# December Stock Tipping Competition Entry Thread!



## Joe Blow (23 November 2012)

Good morning ASF and welcome to the December 2012 stock tipping competition entry thread! 

The December 2012 stock tipping competition is proudly sponsored by eToro. As the leader in social trading, eToro provides a simple, transparent and enjoyable way to invest and trade  in currencies, commodities and indices online. See who is trading what in real-time, follow the best performing traders and automatically copy what the best traders do. It's the smarter way to trade.

With more than 1.5 million users worldwide eToro make financial markets accessible to everyone. Join eToro today and experience the difference for yourself!

*A quick recap of the rules for those not familiar with them:

1. You MUST have a minimum of 25 posts to enter. 

2. Each entrant may choose one ASX listed stock. Options, warrants and deferred settlement shares are not permitted. 

3. Stocks with a price of less than $0.01 are ineligible for the competition, as are stocks that are currently suspended from trading.

4. The winner is the entrant whose selected stock performs the best in percentage terms between December 1 and December 31.

5. The maximum number of entrants in the competition is 100.*

The competition winner will receive $100. The second placegetter will win $50 and the third placegetter $25. 

You have until midnight on Friday, November 30 to enter.

*Those who qualify, please post your entries in this thread.* Remember, once you have selected your stock, you CANNOT change it for any reason. Also, you must be qualified *when you enter*. 

Each month we usually have some members who do not qualify for the competition but enter anyway.

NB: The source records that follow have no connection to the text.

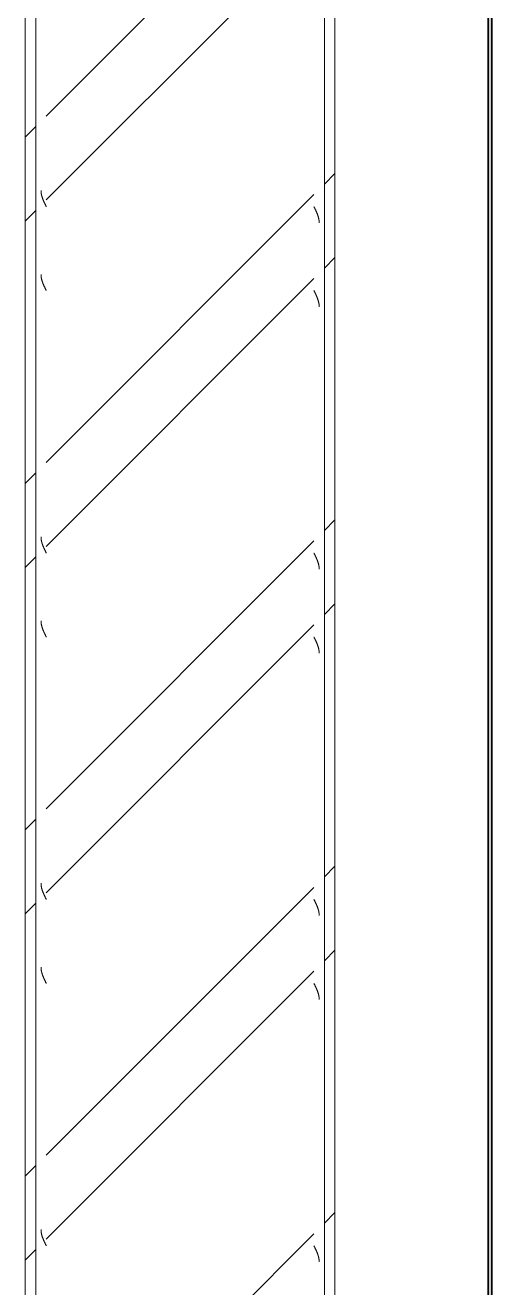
# Model space of a CAD drawing. Header units: centimetres. Extents: x -13467 to 3766, y -437 to 1921.
# Drawn here: x 1494.6 to 1562.4, y 301.1 to 484.4 of the extents above; entities that cross this region are included whole.
import ezdxf

# ---------------------------------------------------------------- set-up
doc = ezdxf.new("R2010")
doc.units = ezdxf.units.CM
for name, color, linetype, lineweight in [('A-WALL', 7, 'Continuous', 9), ('A-WALL-PATT', 7, 'Continuous', 35), ('S-COLS', 7, 'Continuous', 9)]:
    doc.layers.add(name, color=color, linetype=linetype, lineweight=lineweight)
pattern_1 = [(45, (-5050.647, 712), (-25.14472, 25.14472), []), (45, (-5050.647, 750.1), (-25.14472, 25.14472), [])]

# ---------------------------------------------------------------- blocks, each defined once
blk = doc.blocks.new('FP_90-Sección 1-2')
at = {"layer": 'S-COLS', "color": 9, "true_color": 0xc0c0c0}
for p, q in [((2087.92, 458.05), (2087.9, 458.08)), ((2087.93, 458.01), (2087.92, 458.05)), ((2087.95, 457.97), (2087.93, 458.01)), ((2087.97, 457.93), (2087.95, 457.97)), ((2087.99, 457.9), (2087.97, 457.93)), ((2088.01, 457.86), (2087.99, 457.9)), ((2088.03, 457.82), (2088.01, 457.86)), ((2088.05, 457.78), (2088.03, 457.82)), ((2088.06, 457.75), (2088.05, 457.78)), ((2088.08, 457.71), (2088.06, 457.75)), ((2088.1, 457.67), (2088.08, 457.71)), ((2088.12, 457.64), (2088.1, 457.67)), ((2088.14, 457.6), (2088.12, 457.64)), ((2088.16, 457.56), (2088.14, 457.6)), ((2088.17, 457.52), (2088.16, 457.56)), ((2088.19, 457.49), (2088.17, 457.52)), ((2088.21, 457.45), (2088.19, 457.49)), ((2088.22, 457.41), (2088.21, 457.45)), ((2088.24, 457.37), (2088.22, 457.41)), ((2088.26, 457.34), (2088.24, 457.37)), ((2088.27, 457.3), (2088.26, 457.34)), ((2088.29, 457.26), (2088.27, 457.3)), ((2088.31, 457.22), (2088.29, 457.26)), ((2088.32, 457.19), (2088.31, 457.22)), ((2088.34, 457.15), (2088.32, 457.19)), ((2088.35, 457.11), (2088.34, 457.15)), ((2088.37, 457.08), (2088.35, 457.11)), ((2088.38, 457.04), (2088.37, 457.08)), ((2088.4, 457), (2088.38, 457.04)), ((2088.41, 456.96), (2088.4, 457)), ((2088.43, 456.93), (2088.41, 456.96)), ((2088.44, 456.89), (2088.43, 456.93)), ((2088.45, 456.85), (2088.44, 456.89)), ((2088.47, 456.81), (2088.45, 456.85)), ((2088.48, 456.78), (2088.47, 456.81)), ((2088.49, 456.74), (2088.48, 456.78)), ((2088.5, 456.7), (2088.49, 456.74)), ((2088.51, 456.67), (2088.5, 456.7)), ((2088.52, 456.63), (2088.51, 456.67)), ((2088.54, 456.59), (2088.52, 456.63)), ((2088.55, 456.55), (2088.54, 456.59)), ((2088.56, 456.52), (2088.55, 456.55)), ((2088.56, 456.48), (2088.56, 456.52)), ((2088.57, 456.44), (2088.56, 456.48)), ((2088.58, 456.4), (2088.57, 456.44)), ((2088.59, 456.37), (2088.58, 456.4)), ((2088.6, 456.33), (2088.59, 456.37)), ((2088.61, 456.29), (2088.6, 456.33)), ((2088.61, 456.25), (2088.61, 456.29)), ((2088.62, 456.22), (2088.61, 456.25)), ((2088.63, 456.18), (2088.62, 456.22)), ((2088.63, 456.14), (2088.63, 456.18)), ((2088.64, 456.11), (2088.63, 456.14)), ((2088.64, 456.07), (2088.64, 456.11)), ((2088.65, 456.03), (2088.64, 456.07)), ((2088.65, 455.99), (2088.65, 456.03)), ((2088.65, 455.96), (2088.65, 455.99)), ((2088.66, 455.92), (2088.65, 455.96)), ((2088.66, 455.88), (2088.66, 455.92)), ((2088.66, 455.84), (2088.66, 455.88)), ((2088.66, 455.81), (2088.66, 455.84)), ((2088.66, 455.77), (2088.66, 455.81)), ((2088.66, 455.73), (2088.66, 455.77)), ((2087.92, 445.86), (2087.9, 445.89)), ((2087.93, 445.82), (2087.92, 445.86)), ((2087.95, 445.78), (2087.93, 445.82)), ((2087.97, 445.74), (2087.95, 445.78)), ((2087.99, 445.71), (2087.97, 445.74)), ((2088.01, 445.67), (2087.99, 445.71)), ((2088.03, 445.63), (2088.01, 445.67)), ((2088.05, 445.6), (2088.03, 445.63)), ((2088.06, 445.56), (2088.05, 445.6)), ((2088.08, 445.52), (2088.06, 445.56)), ((2088.1, 445.48), (2088.08, 445.52)), ((2088.12, 445.45), (2088.1, 445.48)), ((2088.14, 445.41), (2088.12, 445.45)), ((2088.16, 445.37), (2088.14, 445.41)), ((2088.17, 445.33), (2088.16, 445.37)), ((2088.19, 445.3), (2088.17, 445.33)), ((2088.21, 445.26), (2088.19, 445.3)), ((2088.22, 445.22), (2088.21, 445.26)), ((2088.24, 445.18), (2088.22, 445.22)), ((2088.26, 445.15), (2088.24, 445.18)), ((2088.27, 445.11), (2088.26, 445.15)), ((2088.29, 445.07), (2088.27, 445.11)), ((2088.31, 445.04), (2088.29, 445.07)), ((2088.32, 445), (2088.31, 445.04)), ((2088.34, 444.96), (2088.32, 445)), ((2088.35, 444.92), (2088.34, 444.96)), ((2088.37, 444.89), (2088.35, 444.92)), ((2088.38, 444.85), (2088.37, 444.89)), ((2088.4, 444.81), (2088.38, 444.85)), ((2088.41, 444.77), (2088.4, 444.81)), ((2088.43, 444.74), (2088.41, 444.77)), ((2088.44, 444.7), (2088.43, 444.74)), ((2088.45, 444.66), (2088.44, 444.7)), ((2088.47, 444.63), (2088.45, 444.66)), ((2088.48, 444.59), (2088.47, 444.63)), ((2088.49, 444.55), (2088.48, 444.59)), ((2088.5, 444.51), (2088.49, 444.55)), ((2088.51, 444.48), (2088.5, 444.51)), ((2088.52, 444.44), (2088.51, 444.48)), ((2088.54, 444.4), (2088.52, 444.44)), ((2088.55, 444.36), (2088.54, 444.4)), ((2088.56, 444.33), (2088.55, 444.36)), ((2088.56, 444.29), (2088.56, 444.33)), ((2088.57, 444.25), (2088.56, 444.29)), ((2088.58, 444.21), (2088.57, 444.25)), ((2088.59, 444.18), (2088.58, 444.21)), ((2088.6, 444.14), (2088.59, 444.18)), ((2088.61, 444.1), (2088.6, 444.14)), ((2088.61, 444.07), (2088.61, 444.1)), ((2088.62, 444.03), (2088.61, 444.07)), ((2088.63, 443.99), (2088.62, 444.03)), ((2088.63, 443.95), (2088.63, 443.99)), ((2088.64, 443.92), (2088.63, 443.95)), ((2088.64, 443.88), (2088.64, 443.92)), ((2088.65, 443.84), (2088.64, 443.88)), ((2088.65, 443.8), (2088.65, 443.84)), ((2088.65, 443.77), (2088.65, 443.8)), ((2088.66, 443.73), (2088.65, 443.77)), ((2088.66, 443.69), (2088.66, 443.73)), ((2088.66, 443.66), (2088.66, 443.69)), ((2088.66, 443.62), (2088.66, 443.66)), ((2088.66, 443.58), (2088.66, 443.62)), ((2088.66, 443.54), (2088.66, 443.58)), ((2087.92, 407.76), (2087.9, 407.79)), ((2087.93, 407.72), (2087.92, 407.76)), ((2087.95, 407.68), (2087.93, 407.72)), ((2087.97, 407.64), (2087.95, 407.68)), ((2087.99, 407.61), (2087.97, 407.64)), ((2088.01, 407.57), (2087.99, 407.61)), ((2088.03, 407.53), (2088.01, 407.57)), ((2088.05, 407.5), (2088.03, 407.53)), ((2088.06, 407.46), (2088.05, 407.5)), ((2088.08, 407.42), (2088.06, 407.46)), ((2088.1, 407.38), (2088.08, 407.42)), ((2088.12, 407.35), (2088.1, 407.38)), ((2088.14, 407.31), (2088.12, 407.35)), ((2088.16, 407.27), (2088.14, 407.31)), ((2088.17, 407.23), (2088.16, 407.27)), ((2088.19, 407.2), (2088.17, 407.23)), ((2088.21, 407.16), (2088.19, 407.2)), ((2088.22, 407.12), (2088.21, 407.16)), ((2088.24, 407.08), (2088.22, 407.12)), ((2088.26, 407.05), (2088.24, 407.08)), ((2088.27, 407.01), (2088.26, 407.05)), ((2088.29, 406.97), (2088.27, 407.01)), ((2088.31, 406.94), (2088.29, 406.97)), ((2088.32, 406.9), (2088.31, 406.94)), ((2088.34, 406.86), (2088.32, 406.9)), ((2088.35, 406.82), (2088.34, 406.86)), ((2088.37, 406.79), (2088.35, 406.82)), ((2088.38, 406.75), (2088.37, 406.79)), ((2088.4, 406.71), (2088.38, 406.75)), ((2088.41, 406.67), (2088.4, 406.71)), ((2088.43, 406.64), (2088.41, 406.67)), ((2088.44, 406.6), (2088.43, 406.64)), ((2088.45, 406.56), (2088.44, 406.6)), ((2088.47, 406.53), (2088.45, 406.56)), ((2088.48, 406.49), (2088.47, 406.53)), ((2088.49, 406.45), (2088.48, 406.49)), ((2088.5, 406.41), (2088.49, 406.45)), ((2088.51, 406.38), (2088.5, 406.41)), ((2088.52, 406.34), (2088.51, 406.38)), ((2088.54, 406.3), (2088.52, 406.34)), ((2088.55, 406.26), (2088.54, 406.3)), ((2088.56, 406.23), (2088.55, 406.26)), ((2088.56, 406.19), (2088.56, 406.23)), ((2088.57, 406.15), (2088.56, 406.19)), ((2088.58, 406.11), (2088.57, 406.15)), ((2088.59, 406.08), (2088.58, 406.11)), ((2088.6, 406.04), (2088.59, 406.08)), ((2088.61, 406), (2088.6, 406.04)), ((2088.61, 405.97), (2088.61, 406)), ((2088.62, 405.93), (2088.61, 405.97)), ((2088.63, 405.89), (2088.62, 405.93)), ((2088.63, 405.85), (2088.63, 405.89)), ((2088.64, 405.82), (2088.63, 405.85)), ((2088.64, 405.78), (2088.64, 405.82)), ((2088.65, 405.74), (2088.64, 405.78)), ((2088.65, 405.7), (2088.65, 405.74)), ((2088.65, 405.67), (2088.65, 405.7)), ((2088.66, 405.63), (2088.65, 405.67)), ((2088.66, 405.59), (2088.66, 405.63)), ((2088.66, 405.56), (2088.66, 405.59)), ((2088.66, 405.52), (2088.66, 405.56)), ((2088.66, 405.48), (2088.66, 405.52)), ((2088.66, 405.44), (2088.66, 405.48)), ((2087.92, 395.57), (2087.9, 395.6)), ((2087.93, 395.53), (2087.92, 395.57)), ((2087.95, 395.49), (2087.93, 395.53)), ((2087.97, 395.45), (2087.95, 395.49)), ((2087.99, 395.42), (2087.97, 395.45)), ((2088.01, 395.38), (2087.99, 395.42)), ((2088.03, 395.34), (2088.01, 395.38)), ((2088.05, 395.31), (2088.03, 395.34)), ((2088.06, 395.27), (2088.05, 395.31)), ((2088.08, 395.23), (2088.06, 395.27)), ((2088.1, 395.19), (2088.08, 395.23)), ((2088.12, 395.16), (2088.1, 395.19)), ((2088.14, 395.12), (2088.12, 395.16)), ((2088.16, 395.08), (2088.14, 395.12)), ((2088.17, 395.04), (2088.16, 395.08)), ((2088.19, 395.01), (2088.17, 395.04)), ((2088.21, 394.97), (2088.19, 395.01)), ((2088.22, 394.93), (2088.21, 394.97)), ((2088.24, 394.9), (2088.22, 394.93)), ((2088.26, 394.86), (2088.24, 394.9)), ((2088.27, 394.82), (2088.26, 394.86)), ((2088.29, 394.78), (2088.27, 394.82)), ((2088.31, 394.75), (2088.29, 394.78)), ((2088.32, 394.71), (2088.31, 394.75)), ((2088.34, 394.67), (2088.32, 394.71)), ((2088.35, 394.63), (2088.34, 394.67)), ((2088.37, 394.6), (2088.35, 394.63)), ((2088.38, 394.56), (2088.37, 394.6)), ((2088.4, 394.52), (2088.38, 394.56)), ((2088.41, 394.48), (2088.4, 394.52)), ((2088.43, 394.45), (2088.41, 394.48)), ((2088.44, 394.41), (2088.43, 394.45)), ((2088.45, 394.37), (2088.44, 394.41)), ((2088.47, 394.34), (2088.45, 394.37)), ((2088.48, 394.3), (2088.47, 394.34)), ((2088.49, 394.26), (2088.48, 394.3)), ((2088.5, 394.22), (2088.49, 394.26)), ((2088.51, 394.19), (2088.5, 394.22)), ((2088.52, 394.15), (2088.51, 394.19)), ((2088.54, 394.11), (2088.52, 394.15)), ((2088.55, 394.07), (2088.54, 394.11)), ((2088.56, 394.04), (2088.55, 394.07)), ((2088.56, 394), (2088.56, 394.04)), ((2088.57, 393.96), (2088.56, 394)), ((2088.58, 393.93), (2088.57, 393.96)), ((2088.59, 393.89), (2088.58, 393.93)), ((2088.6, 393.85), (2088.59, 393.89)), ((2088.61, 393.81), (2088.6, 393.85)), ((2088.61, 393.78), (2088.61, 393.81)), ((2088.62, 393.74), (2088.61, 393.78)), ((2088.63, 393.7), (2088.62, 393.74)), ((2088.63, 393.66), (2088.63, 393.7)), ((2088.64, 393.63), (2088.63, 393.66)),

If someone who has selected a stock hasn't yet qualified for the competition, their stock is officially up for grabs!  Just mention it when you post your entry.

Best of luck to all entrants!


----------



## Crom (23 November 2012)

Hi Joe,

Given your often stated desire to have more stock specific posts on ASF, which I and others totally support, how about making it a rule that to be a part of the tipping comp, you also have to provide a brief explanation of why you feel your stock choice has the potential to soar in the month.

I often feel there is a wasted opportunity for shared knowledge by virtue of the fact that the stocks being picked are a members fave, and obviously closely watched/monitored.  There is therefore considerable knowledge behind each stock selection.  This therefore a good resource for all members.

This should also generate greater interest in the stock which would then carry on over into the stock specific threads.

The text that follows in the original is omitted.